The head of the California Public Utilities Commission announced Thursday that he will retire after almost five years on a job dominated by oversight of devastating wildfires.
Michael Picker said at a commission meeting in San Francisco that he won't leave his job as president of the state's utility regulator until Gov. Gavin Newsom names his successor.
Picker was appointed to the commission in 2014 by then-Gov. Jerry Brown and became president in December of that year. At the helm, much of his work has focused on regulating and investigating the state's biggest utility, Pacific Gas & Electric Corp.
Investigators have found that many of California's most destructive and deadly wildfires in recent years have been caused by PG&E equipment. The commission's work has been focused in recent years on working to ensure utility equipment is safer and to prevent more fires.
The commission said Thursday that utilities need to do a better job of educating and notifying the public as they widen precautionary power outages this summer.
In its latest effort to strengthen wildfire awareness and safety, the commission approved guidelines for when utilities can cut electricity during high winds and low humidity to avoid sparking wildfires like the one that devastated the Northern California community of Paradise last fall, killing 85 people.

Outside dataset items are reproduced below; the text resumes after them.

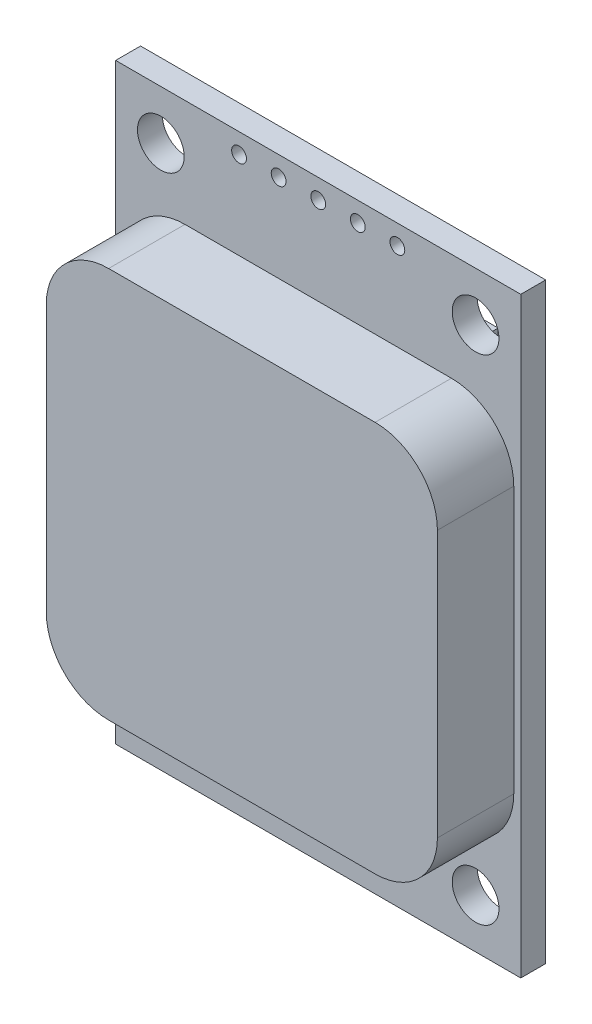
ISO-10303-21;
HEADER;
FILE_DESCRIPTION(('STEP AP214'),'2;1');
FILE_NAME('part.step','',(''),(''),'','','');
FILE_SCHEMA(('AUTOMOTIVE_DESIGN { 1 0 10303 214 1 1 1 1 }'));
ENDSEC;
DATA;
#1=APPLICATION_CONTEXT('core data for automotive mechanical design processes');
#2=APPLICATION_PROTOCOL_DEFINITION('international standard','automotive_design',2000,#1);
#3=PRODUCT_CONTEXT('',#1,'mechanical');
#4=PRODUCT('Part','Part','',(#3));
#5=PRODUCT_RELATED_PRODUCT_CATEGORY('part','',(#4));
#6=PRODUCT_DEFINITION_FORMATION('','',#4);
#7=PRODUCT_DEFINITION_CONTEXT('part definition',#1,'design');
#8=PRODUCT_DEFINITION('design','',#6,#7);
#9=PRODUCT_DEFINITION_SHAPE('','',#8);
#10=(LENGTH_UNIT() NAMED_UNIT(*) SI_UNIT(.MILLI.,.METRE.));
#11=(NAMED_UNIT(*) PLANE_ANGLE_UNIT() SI_UNIT($,.RADIAN.));
#12=(NAMED_UNIT(*) SI_UNIT($,.STERADIAN.) SOLID_ANGLE_UNIT());
#13=UNCERTAINTY_MEASURE_WITH_UNIT(LENGTH_MEASURE(1.E-05),#10,'distance_accuracy_value','');
#14=(GEOMETRIC_REPRESENTATION_CONTEXT(3) GLOBAL_UNCERTAINTY_ASSIGNED_CONTEXT((#13)) GLOBAL_UNIT_ASSIGNED_CONTEXT((#10,
#11,#12)) REPRESENTATION_CONTEXT('',''));
#15=CARTESIAN_POINT('',(0.,0.,0.));
#16=DIRECTION('',(0.,0.,1.));
#17=DIRECTION('',(1.,0.,0.));
#18=AXIS2_PLACEMENT_3D('',#15,#16,#17);
#19=CARTESIAN_POINT('',(0.,0.,-1.6));
#20=DIRECTION('',(0.,0.,1.));
#21=DIRECTION('',(1.,0.,0.));
#22=AXIS2_PLACEMENT_3D('',#19,#20,#21);
#23=PLANE('',#22);
#24=CARTESIAN_POINT('',(-5.08,17.73,-1.6));
#25=DIRECTION('',(0.,0.,-1.));
#26=DIRECTION('',(-1.,0.,0.));
#27=AXIS2_PLACEMENT_3D('',#24,#25,#26);
#28=CIRCLE('',#27,0.475);
#29=CARTESIAN_POINT('',(-5.555,17.73,-1.6));
#30=VERTEX_POINT('',#29);
#31=EDGE_CURVE('E454',#30,#30,#28,.T.);
#32=ORIENTED_EDGE('',*,*,#31,.F.);
#33=EDGE_LOOP('',(#32));
#34=FACE_BOUND('',#33,.T.);
#35=CARTESIAN_POINT('',(2.54,17.73,-1.6));
#36=DIRECTION('',(0.,0.,-1.));
#37=DIRECTION('',(-1.,0.,0.));
#38=AXIS2_PLACEMENT_3D('',#35,#36,#37);
#39=CIRCLE('',#38,0.475);
#40=CARTESIAN_POINT('',(2.065,17.73,-1.6));
#41=VERTEX_POINT('',#40);
#42=EDGE_CURVE('E455',#41,#41,#39,.T.);
#43=ORIENTED_EDGE('',*,*,#42,.F.);
#44=EDGE_LOOP('',(#43));
#45=FACE_BOUND('',#44,.T.);
#46=CARTESIAN_POINT('',(5.08,17.73,-1.6));
#47=DIRECTION('',(0.,0.,-1.));
#48=DIRECTION('',(-1.,0.,0.));
#49=AXIS2_PLACEMENT_3D('',#46,#47,#48);
#50=CIRCLE('',#49,0.475);
#51=CARTESIAN_POINT('',(4.605,17.73,-1.6));
#52=VERTEX_POINT('',#51);
#53=EDGE_CURVE('E462',#52,#52,#50,.T.);
#54=ORIENTED_EDGE('',*,*,#53,.F.);
#55=EDGE_LOOP('',(#54));
#56=FACE_BOUND('',#55,.T.);
#57=CARTESIAN_POINT('',(-2.54,17.73,-1.6));
#58=DIRECTION('',(0.,0.,-1.));
#59=DIRECTION('',(-1.,0.,0.));
#60=AXIS2_PLACEMENT_3D('',#57,#58,#59);
#61=CIRCLE('',#60,0.475);
#62=CARTESIAN_POINT('',(-3.015,17.73,-1.6));
#63=VERTEX_POINT('',#62);
#64=EDGE_CURVE('E447',#63,#63,#61,.T.);
#65=ORIENTED_EDGE('',*,*,#64,.F.);
#66=EDGE_LOOP('',(#65));
#67=FACE_BOUND('',#66,.T.);
#68=CARTESIAN_POINT('',(0.,17.73,-1.6));
#69=DIRECTION('',(0.,0.,-1.));
#70=DIRECTION('',(-1.,0.,0.));
#71=AXIS2_PLACEMENT_3D('',#68,#69,#70);
#72=CIRCLE('',#71,0.475);
#73=CARTESIAN_POINT('',(-0.475000000000002,17.73,-1.6));
#74=VERTEX_POINT('',#73);
#75=EDGE_CURVE('E428',#74,#74,#72,.T.);
#76=ORIENTED_EDGE('',*,*,#75,.F.);
#77=EDGE_LOOP('',(#76));
#78=FACE_BOUND('',#77,.T.);
#79=DIRECTION('',(0.,-1.,0.));
#80=VECTOR('',#79,1.);
#81=CARTESIAN_POINT('',(7.55,12.4,-1.6));
#82=LINE('',#81,#80);
#83=CARTESIAN_POINT('',(7.55,12.4,-1.6));
#84=VERTEX_POINT('',#83);
#85=CARTESIAN_POINT('',(7.55,0.700000000000004,-1.6));
#86=VERTEX_POINT('',#85);
#87=EDGE_CURVE('E194',#84,#86,#82,.T.);
#88=ORIENTED_EDGE('',*,*,#87,.F.);
#89=DIRECTION('',(1.,0.,0.));
#90=VECTOR('',#89,1.);
#91=CARTESIAN_POINT('',(7.55,12.4,-1.6));
#92=LINE('',#91,#90);
#93=CARTESIAN_POINT('',(-7.55,12.4,-1.6));
#94=VERTEX_POINT('',#93);
#95=EDGE_CURVE('E206',#94,#84,#92,.T.);
#96=ORIENTED_EDGE('',*,*,#95,.F.);
#97=DIRECTION('',(0.,1.,0.));
#98=VECTOR('',#97,1.);
#99=CARTESIAN_POINT('',(-7.55,12.4,-1.6));
#100=LINE('',#99,#98);
#101=CARTESIAN_POINT('',(-7.55,0.700000000000006,-1.6));
#102=VERTEX_POINT('',#101);
#103=EDGE_CURVE('E214',#102,#94,#100,.T.);
#104=ORIENTED_EDGE('',*,*,#103,.F.);
#105=DIRECTION('',(-1.,0.,0.));
#106=VECTOR('',#105,1.);
#107=CARTESIAN_POINT('',(7.55,0.700000000000004,-1.6));
#108=LINE('',#107,#106);
#109=EDGE_CURVE('E59',#86,#102,#108,.T.);
#110=ORIENTED_EDGE('',*,*,#109,.F.);
#111=EDGE_LOOP('',(#88,#96,#104,#110));
#112=FACE_BOUND('',#111,.T.);
#113=CARTESIAN_POINT('',(-10.1,-15.85,-1.6));
#114=DIRECTION('',(0.,0.,1.));
#115=DIRECTION('',(1.,0.,0.));
#116=AXIS2_PLACEMENT_3D('',#113,#114,#115);
#117=CIRCLE('',#116,1.5);
#118=CARTESIAN_POINT('',(-8.59999999999999,-15.85,-1.6));
#119=VERTEX_POINT('',#118);
#120=EDGE_CURVE('E265',#119,#119,#117,.F.);
#121=ORIENTED_EDGE('',*,*,#120,.F.);
#122=EDGE_LOOP('',(#121));
#123=FACE_BOUND('',#122,.T.);
#124=CARTESIAN_POINT('',(10.1,-15.85,-1.6));
#125=DIRECTION('',(0.,0.,1.));
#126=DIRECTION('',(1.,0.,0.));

Commissioners also approved utilities' wildfire prevention plans, which include cutting back vegetation and improving electric lines.
Picker previously served as the governor's senior adviser for renewable energy from 2009 to 2014, as deputy treasurer in the state treasurer's office from 1998 to 1999 and in a variety of other state government offices. He also spent several years as chief of staff to former Sacramento Mayor Joe Serna Jr.